= Your objective =
Please write out, exactly as given, the line that contains "#17318 = VECTOR ( 'NONE', #7313, 39.37008 ) ;" and all lines that follow it through the end of the listing, and nothing else.

= Records to process =
---------------

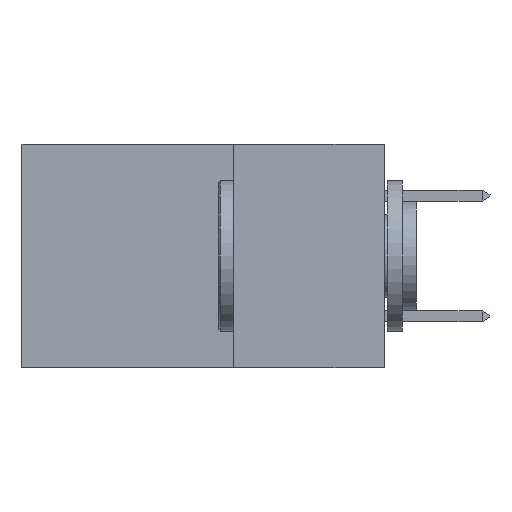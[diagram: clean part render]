
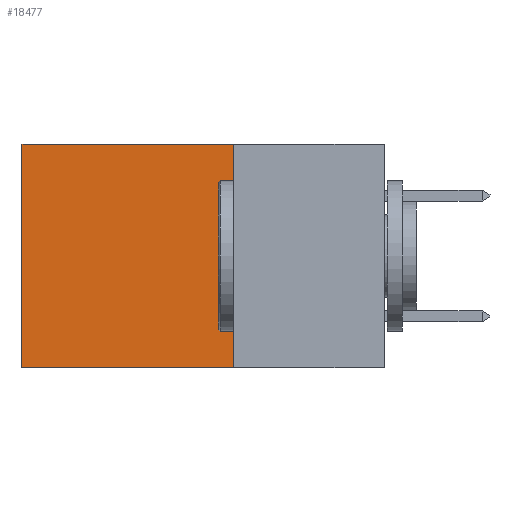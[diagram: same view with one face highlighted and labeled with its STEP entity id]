
A CAD part, left-side view. The second image highlights one B-rep face of the part: STEP entity #18477.
In plain terms, the highlighted planar face has unit normal (-1, 0, 0).
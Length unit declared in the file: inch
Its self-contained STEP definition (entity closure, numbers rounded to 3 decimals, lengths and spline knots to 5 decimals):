
#1187 = VECTOR ( 'NONE', #5259, 39.37008 ) ;
#2242 = DIRECTION ( 'NONE',  ( 0., 0., -1. ) ) ;
#2389 = LINE ( 'NONE', #14463, #17318 ) ;
#3547 = EDGE_LOOP ( 'NONE', ( #16465, #10960, #12654, #9555 ) ) ;
#3841 = PLANE ( 'NONE',  #14836 ) ;
#4039 = CARTESIAN_POINT ( 'NONE',  ( 0.2875, 0.25, -0.37 ) ) ;
#4098 = EDGE_CURVE ( 'NONE', #10931, #7199, #12789, .T. ) ;
#4545 = LINE ( 'NONE', #10965, #15581 ) ;
#5259 = DIRECTION ( 'NONE',  ( 0., 0., -1. ) ) ;
#5534 = CARTESIAN_POINT ( 'NONE',  ( 0.2875, 0.6, 0. ) ) ;
#6078 = DIRECTION ( 'NONE',  ( 0., 1., 0. ) ) ;
#6763 = CARTESIAN_POINT ( 'NONE',  ( 0.2875, 0.25, 0. ) ) ;
#7199 = VERTEX_POINT ( 'NONE', #4039 ) ;
#7313 = DIRECTION ( 'NONE',  ( 0., 1., 0. ) ) ;
#8166 = CARTESIAN_POINT ( 'NONE',  ( 0.2875, 0.6, -0.37 ) ) ;
#8212 = DIRECTION ( 'NONE',  ( 0., 0., -1. ) ) ;
#8873 = VECTOR ( 'NONE', #6078, 39.37008 ) ;
#9555 = ORIENTED_EDGE ( 'NONE', *, *, #10040, .T. ) ;
#10040 = EDGE_CURVE ( 'NONE', #10931, #16680, #12712, .T. ) ;
#10338 = CARTESIAN_POINT ( 'NONE',  ( 0.2875, 0.25, 0. ) ) ;
#10702 = FACE_OUTER_BOUND ( 'NONE', #3547, .T. ) ;
#10931 = VERTEX_POINT ( 'NONE', #10338 ) ;
#10960 = ORIENTED_EDGE ( 'NONE', *, *, #14976, .F. ) ;
#10965 = CARTESIAN_POINT ( 'NONE',  ( 0.2875, 0.6, 0. ) ) ;
#11844 = CARTESIAN_POINT ( 'NONE',  ( 0.2875, 0.25, 0. ) ) ;
#12654 = ORIENTED_EDGE ( 'NONE', *, *, #4098, .F. ) ;
#12712 = LINE ( 'NONE', #11844, #8873 ) ;
#12789 = LINE ( 'NONE', #15338, #1187 ) ;
#13285 = EDGE_CURVE ( 'NONE', #16680, #16163, #4545, .T. ) ;
#14463 = CARTESIAN_POINT ( 'NONE',  ( 0.2875, 0.25, -0.37 ) ) ;
#14836 = AXIS2_PLACEMENT_3D ( 'NONE', #6763, #16825, #8212 ) ;
#14976 = EDGE_CURVE ( 'NONE', #7199, #16163, #2389, .T. ) ;
#15338 = CARTESIAN_POINT ( 'NONE',  ( 0.2875, 0.25, 0. ) ) ;
#15581 = VECTOR ( 'NONE', #2242, 39.37008 ) ;
#16163 = VERTEX_POINT ( 'NONE', #8166 ) ;
#16465 = ORIENTED_EDGE ( 'NONE', *, *, #13285, .T. ) ;
#16680 = VERTEX_POINT ( 'NONE', #5534 ) ;
#16825 = DIRECTION ( 'NONE',  ( 1., 0., 0. ) ) ;
#17318 = VECTOR ( 'NONE', #7313, 39.37008 ) ;
#18477 = ADVANCED_FACE ( 'NONE', ( #10702 ), #3841, .F. ) ;

---------------

= Finished exercise =
#17318 = VECTOR ( 'NONE', #7313, 39.37008 ) ;
#18477 = ADVANCED_FACE ( 'NONE', ( #10702 ), #3841, .F. ) ;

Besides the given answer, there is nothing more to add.